Tuning Out: Why I Will Not Watch the Oscars

“The Academy has a problem. It’s a problem that needs to be solved…For 20 opportunities to celebrate actors of color, actresses of color, to be missed last year is one thing; for that to happen again this year is unforgivable. This institution doesn’t reflect its president…I am an Academy member and it doesn’t reflect me, and it doesn’t reflect this nation.”
– David Oyelowo, Actor, January 2016

It turns out that Hollywood does, in fact, love a sequel.

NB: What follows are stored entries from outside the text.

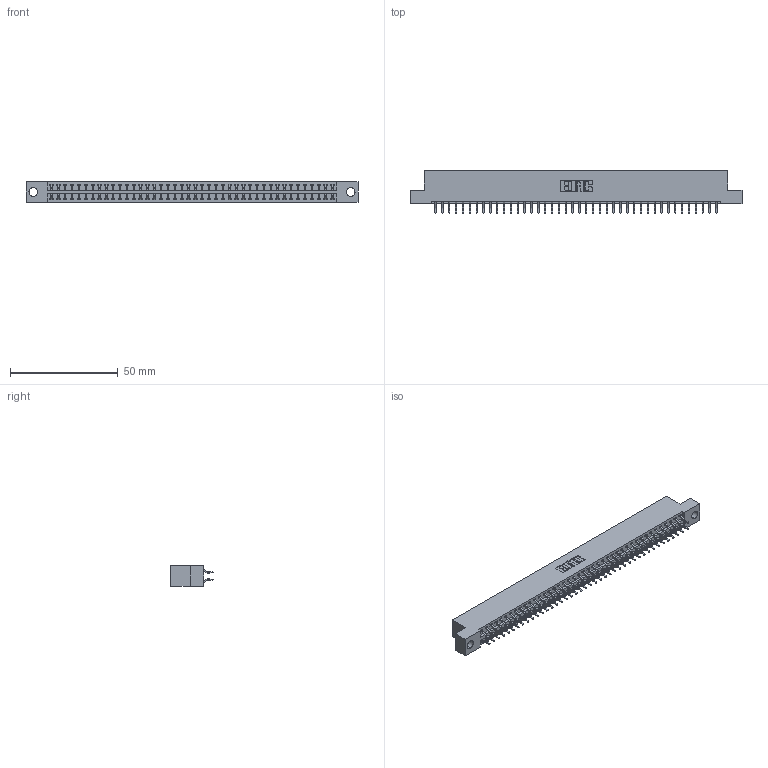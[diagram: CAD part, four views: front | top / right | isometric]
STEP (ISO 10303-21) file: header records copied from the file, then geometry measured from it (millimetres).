
FILE_DESCRIPTION (( 'STEP AP203' ), '1' );
FILE_NAME ('396-084-556-204.STEP', '2018-09-10T01:37:32', ( '' ), ( '' ), 'SwSTEP 2.0', 'SolidWorks 2016', '' );
FILE_SCHEMA (( 'CONFIG_CONTROL_DESIGN' ));
Length unit declared in the file: inch
Products named in the file (3): 346 Part_Flush Mounting Lugs - 0.156 Dia-TH; 345-292-001_556 Tail; 396-084-556-204
Assembly tree (85 placements, depth 2):
  396-084-556-204
    346 Part_Flush Mounting Lugs - 0.156 Dia-TH
    345-292-001_556 Tail  x84
Bounding box: 153.92 x 19.57 x 9.4 mm (x, y, z)
Volume: 14918.3 mm3; surface area: 20241.6 mm2
Topology: 85 solids, 85 shells, 4994 faces, 14861 edges, 9794 vertices
Faces by surface type: plane 3352, cylinder 1642
Entity records: 27633 total; most frequent: CARTESIAN_POINT 4568, ORIENTED_EDGE 4490, DIRECTION 4065, EDGE_CURVE 2245, VECTOR 1937, LINE 1937, VERTEX_POINT 1494, AXIS2_PLACEMENT_3D 1064
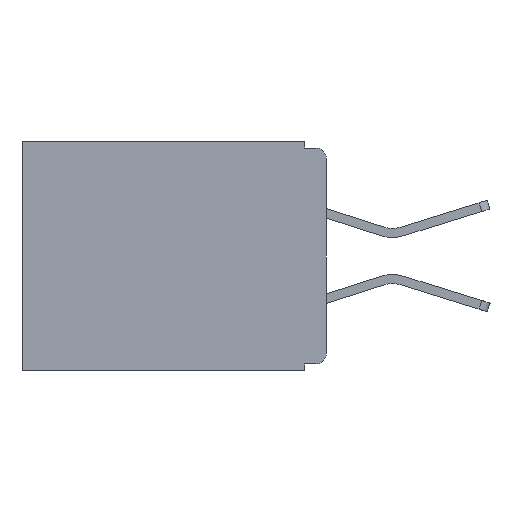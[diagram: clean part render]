
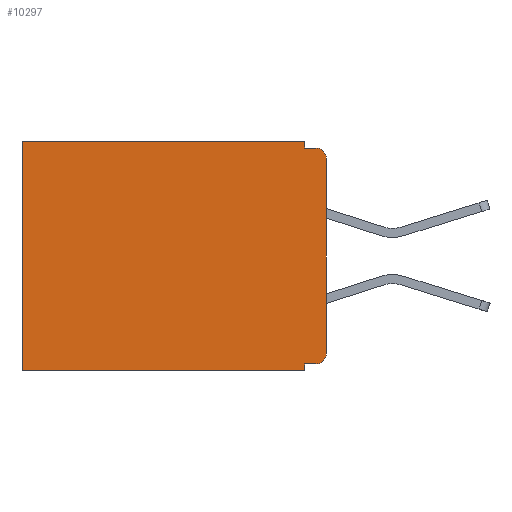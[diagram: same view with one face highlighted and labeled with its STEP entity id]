
A CAD part, left-side view. The second image highlights one B-rep face of the part: STEP entity #10297.
In plain terms, the highlighted planar face has unit normal (-1, 0, 0).
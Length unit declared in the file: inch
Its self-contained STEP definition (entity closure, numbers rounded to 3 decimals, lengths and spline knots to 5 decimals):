
#23 = ORIENTED_EDGE ( 'NONE', *, *, #2667, .F. ) ;
#30 = DIRECTION ( 'NONE',  ( 0., -1., 0. ) ) ;
#196 = EDGE_CURVE ( 'NONE', #10733, #2485, #9720, .T. ) ;
#815 = ORIENTED_EDGE ( 'NONE', *, *, #6328, .T. ) ;
#1316 = VERTEX_POINT ( 'NONE', #2981 ) ;
#1456 = PLANE ( 'NONE',  #10255 ) ;
#1969 = DIRECTION ( 'NONE',  ( 0., 1., 0. ) ) ;
#2167 = ORIENTED_EDGE ( 'NONE', *, *, #7632, .T. ) ;
#2170 = VECTOR ( 'NONE', #5951, 39.37008 ) ;
#2381 = VECTOR ( 'NONE', #30, 39.37008 ) ;
#2485 = VERTEX_POINT ( 'NONE', #4863 ) ;
#2526 = DIRECTION ( 'NONE',  ( 1., 0., 0. ) ) ;
#2667 = EDGE_CURVE ( 'NONE', #2485, #1316, #2700, .T. ) ;
#2677 = CARTESIAN_POINT ( 'NONE',  ( 0.3, 0.015, -0.025 ) ) ;
#2678 = DIRECTION ( 'NONE',  ( 0., 1., 0. ) ) ;
#2700 = LINE ( 'NONE', #12946, #2381 ) ;
#2739 = DIRECTION ( 'NONE',  ( 0., 1., 0. ) ) ;
#2966 = VECTOR ( 'NONE', #2739, 39.37008 ) ;
#2980 = VECTOR ( 'NONE', #1969, 39.37008 ) ;
#2981 = CARTESIAN_POINT ( 'NONE',  ( 0.3, 0.015, -0.01 ) ) ;
#3203 = CARTESIAN_POINT ( 'NONE',  ( 0.3, 0.031, -0.32 ) ) ;
#3241 = CARTESIAN_POINT ( 'NONE',  ( 0.3, 0., -0.33 ) ) ;
#3277 = VERTEX_POINT ( 'NONE', #3533 ) ;
#3533 = CARTESIAN_POINT ( 'NONE',  ( 0.3, 0.437, -0.33 ) ) ;
#3717 = CARTESIAN_POINT ( 'NONE',  ( 0.3, 0., -0.32 ) ) ;
#3752 = DIRECTION ( 'NONE',  ( 0., 0., -1. ) ) ;
#3895 = CARTESIAN_POINT ( 'NONE',  ( 0.3, 0.437, 0. ) ) ;
#4086 = CIRCLE ( 'NONE', #8992, 0.015 ) ;
#4242 = VERTEX_POINT ( 'NONE', #3895 ) ;
#4443 = LINE ( 'NONE', #11077, #11636 ) ;
#4472 = CARTESIAN_POINT ( 'NONE',  ( 0.3, 0.015, -0.305 ) ) ;
#4863 = CARTESIAN_POINT ( 'NONE',  ( 0.3, 0.031, -0.01 ) ) ;
#4904 = LINE ( 'NONE', #12809, #2170 ) ;
#5153 = VECTOR ( 'NONE', #7503, 39.37008 ) ;
#5212 = ORIENTED_EDGE ( 'NONE', *, *, #196, .F. ) ;
#5492 = DIRECTION ( 'NONE',  ( 0., 0., -1. ) ) ;
#5670 = ORIENTED_EDGE ( 'NONE', *, *, #7064, .F. ) ;
#5810 = VERTEX_POINT ( 'NONE', #7204 ) ;
#5951 = DIRECTION ( 'NONE',  ( 0., 0., -1. ) ) ;
#5959 = LINE ( 'NONE', #8706, #2966 ) ;
#5965 = ORIENTED_EDGE ( 'NONE', *, *, #11200, .F. ) ;
#5970 = LINE ( 'NONE', #7032, #2980 ) ;
#6012 = EDGE_CURVE ( 'NONE', #4242, #3277, #4904, .T. ) ;
#6239 = DIRECTION ( 'NONE',  ( 0., 0., -1. ) ) ;
#6328 = EDGE_CURVE ( 'NONE', #5810, #7129, #9016, .T. ) ;
#6597 = EDGE_LOOP ( 'NONE', ( #7527, #2167, #23, #5212, #10698, #10830, #5670, #5965, #8855, #815 ) ) ;
#6605 = EDGE_CURVE ( 'NONE', #10733, #4242, #5970, .T. ) ;
#6743 = EDGE_CURVE ( 'NONE', #10726, #7129, #12245, .T. ) ;
#7032 = CARTESIAN_POINT ( 'NONE',  ( 0.3, 0., 0. ) ) ;
#7064 = EDGE_CURVE ( 'NONE', #9031, #3277, #5959, .T. ) ;
#7129 = VERTEX_POINT ( 'NONE', #10691 ) ;
#7204 = CARTESIAN_POINT ( 'NONE',  ( 0.3, 0.015, -0.32 ) ) ;
#7405 = FACE_OUTER_BOUND ( 'NONE', #6597, .T. ) ;
#7503 = DIRECTION ( 'NONE',  ( 0., 0., -1. ) ) ;
#7527 = ORIENTED_EDGE ( 'NONE', *, *, #6743, .F. ) ;
#7632 = EDGE_CURVE ( 'NONE', #10726, #1316, #4086, .T. ) ;
#8161 = DIRECTION ( 'NONE',  ( 0., 0., -1. ) ) ;
#8389 = CARTESIAN_POINT ( 'NONE',  ( 0.3, 0.031, 0. ) ) ;
#8518 = CARTESIAN_POINT ( 'NONE',  ( 0.3, 0., -0.33 ) ) ;
#8706 = CARTESIAN_POINT ( 'NONE',  ( 0.3, 0., -0.33 ) ) ;
#8855 = ORIENTED_EDGE ( 'NONE', *, *, #11545, .F. ) ;
#8992 = AXIS2_PLACEMENT_3D ( 'NONE', #2677, #9605, #3752 ) ;
#9016 = CIRCLE ( 'NONE', #11532, 0.015 ) ;
#9031 = VERTEX_POINT ( 'NONE', #9539 ) ;
#9314 = VECTOR ( 'NONE', #8161, 39.37008 ) ;
#9467 = DIRECTION ( 'NONE',  ( 0., 0., -1. ) ) ;
#9539 = CARTESIAN_POINT ( 'NONE',  ( 0.3, 0.031, -0.33 ) ) ;
#9605 = DIRECTION ( 'NONE',  ( -1., 0., 0. ) ) ;
#9720 = LINE ( 'NONE', #10205, #5153 ) ;
#10205 = CARTESIAN_POINT ( 'NONE',  ( 0.3, 0.031, 0. ) ) ;
#10255 = AXIS2_PLACEMENT_3D ( 'NONE', #8518, #2526, #9467 ) ;
#10297 = ADVANCED_FACE ( 'NONE', ( #7405 ), #1456, .F. ) ;
#10691 = CARTESIAN_POINT ( 'NONE',  ( 0.3, 0., -0.305 ) ) ;
#10698 = ORIENTED_EDGE ( 'NONE', *, *, #6605, .T. ) ;
#10726 = VERTEX_POINT ( 'NONE', #12276 ) ;
#10733 = VERTEX_POINT ( 'NONE', #8389 ) ;
#10830 = ORIENTED_EDGE ( 'NONE', *, *, #6012, .T. ) ;
#10851 = LINE ( 'NONE', #3717, #11159 ) ;
#11077 = CARTESIAN_POINT ( 'NONE',  ( 0.3, 0.031, -0.33 ) ) ;
#11159 = VECTOR ( 'NONE', #2678, 39.37008 ) ;
#11200 = EDGE_CURVE ( 'NONE', #12724, #9031, #4443, .T. ) ;
#11322 = DIRECTION ( 'NONE',  ( -1., 0., 0. ) ) ;
#11532 = AXIS2_PLACEMENT_3D ( 'NONE', #4472, #11322, #5492 ) ;
#11545 = EDGE_CURVE ( 'NONE', #5810, #12724, #10851, .T. ) ;
#11636 = VECTOR ( 'NONE', #6239, 39.37008 ) ;
#12245 = LINE ( 'NONE', #3241, #9314 ) ;
#12276 = CARTESIAN_POINT ( 'NONE',  ( 0.3, 0., -0.025 ) ) ;
#12724 = VERTEX_POINT ( 'NONE', #3203 ) ;
#12809 = CARTESIAN_POINT ( 'NONE',  ( 0.3, 0.437, -0.33 ) ) ;
#12946 = CARTESIAN_POINT ( 'NONE',  ( 0.3, 0., -0.01 ) ) ;

For the second straight year in a row, the Academy of Motion Pictures Arts and Sciences—the organization behind Hollywood’s biggest and splashiest awards show—failed to nominate a single actor or actress of color in the lead and supporting acting categories. This year, when pay equity and gender equality were as much a Hollywood narrative as anything screened in local movie theaters, women earned more Oscar nominations (up almost 24 percent versus 21 percent in each of the last two years), but they were shut out from the best cinematography and best director categories—again. In a nation as diverse as ours, an Oscars ceremony that neither recognizes nor includes the vast artistic talent and contributions of women and people of color is a white-washed fiction that would better serve us as the premise of a sci-fi feature and not as a mirror of our multicultural reality.

While my role is not to question the cinematic credentials of the academy’s 6,291 voting members, I do question how it is that in a season that produced critically-acclaimed films such as “Beasts of No Nation,” which stars Idris Elba as an African warlord; the N.W.A biopic “Straight Outta Compton;” and “Creed,” the latest installment in the iconic “Rocky” franchise, there were no Black screenwriters, directors, composers, cinematographers or actors to be found whose contributions deserved academy recognition. Ironically enough, two films helmed by either Black actors and/or directors—“Creed” and “Compton”—were recognized by the academy, but their sole nominations were denied to people of color, with Sylvester Stallone receiving a best supporting actor nod for his role in “Creed” and writers of “Compton” receiving a nomination for best original screenplay.

A lot of ink has been spilled citing the composition of the academy and its role in travesties like this year’s copycat lock out of talent from communities of color. A much-cited 2012 survey of the academy by the Los Angeles Times highlights the crux of the problem: the academy’s members are 94 percent white, 77 percent male, and an average age of 63—hardly representative of the diversity we see in the streets and increasingly on our TV screens. There was a push for more inclusion after last year’s infamous snub of the civil rights movie “Selma,” with a record 322 invitations sent to join the academy. The list of invitees included fewer than 20 new African-American members, close to 14 Asian and Pacific Islander members and a handful of Latin Americans, according to “The Wrap,” an industry-insider magazine. Here are a few more statistics you should also take into consideration. In its most recent study, the Bunche Center at UCLA found that film studio heads were 94 percent white and all male and that film studio senior management was 92 percent white and 83 percent male. The problem is two-fold.

The struggle to transform the academy into a diverse body that thoughtfully contemplates and recognizes the work of communities who do not fit the cookie cutter mold is one that must take place within the academy, but change will remain elusive if there is no transformation of white male dominated studio system that decides what gets made—and perhaps most importantly, what doesn’t get made. Major studios are not greenlighting the projects that reflect our nation and the few movies that are produced end up on the cutting room floor of the nomination process.

Like so many others, I am scandalized by the shut out of people of color across most major awards categories for the second consecutive year. I will continue to add my voice to the public scrutiny necessary to keep this issue on Hollywood’s front burner. And I will also be doing something else this year: I will not be watching the Oscars. I am not an Academy Award member. I do not green-light films, nor do I direct them. But I do control what does—or doesn’t— appear on my television screen. If we want Hollywood to tune in to our legitimate concerns and issues, I, for one, will be tuning out.

Marc Morial is President and CEO of the National Urban League.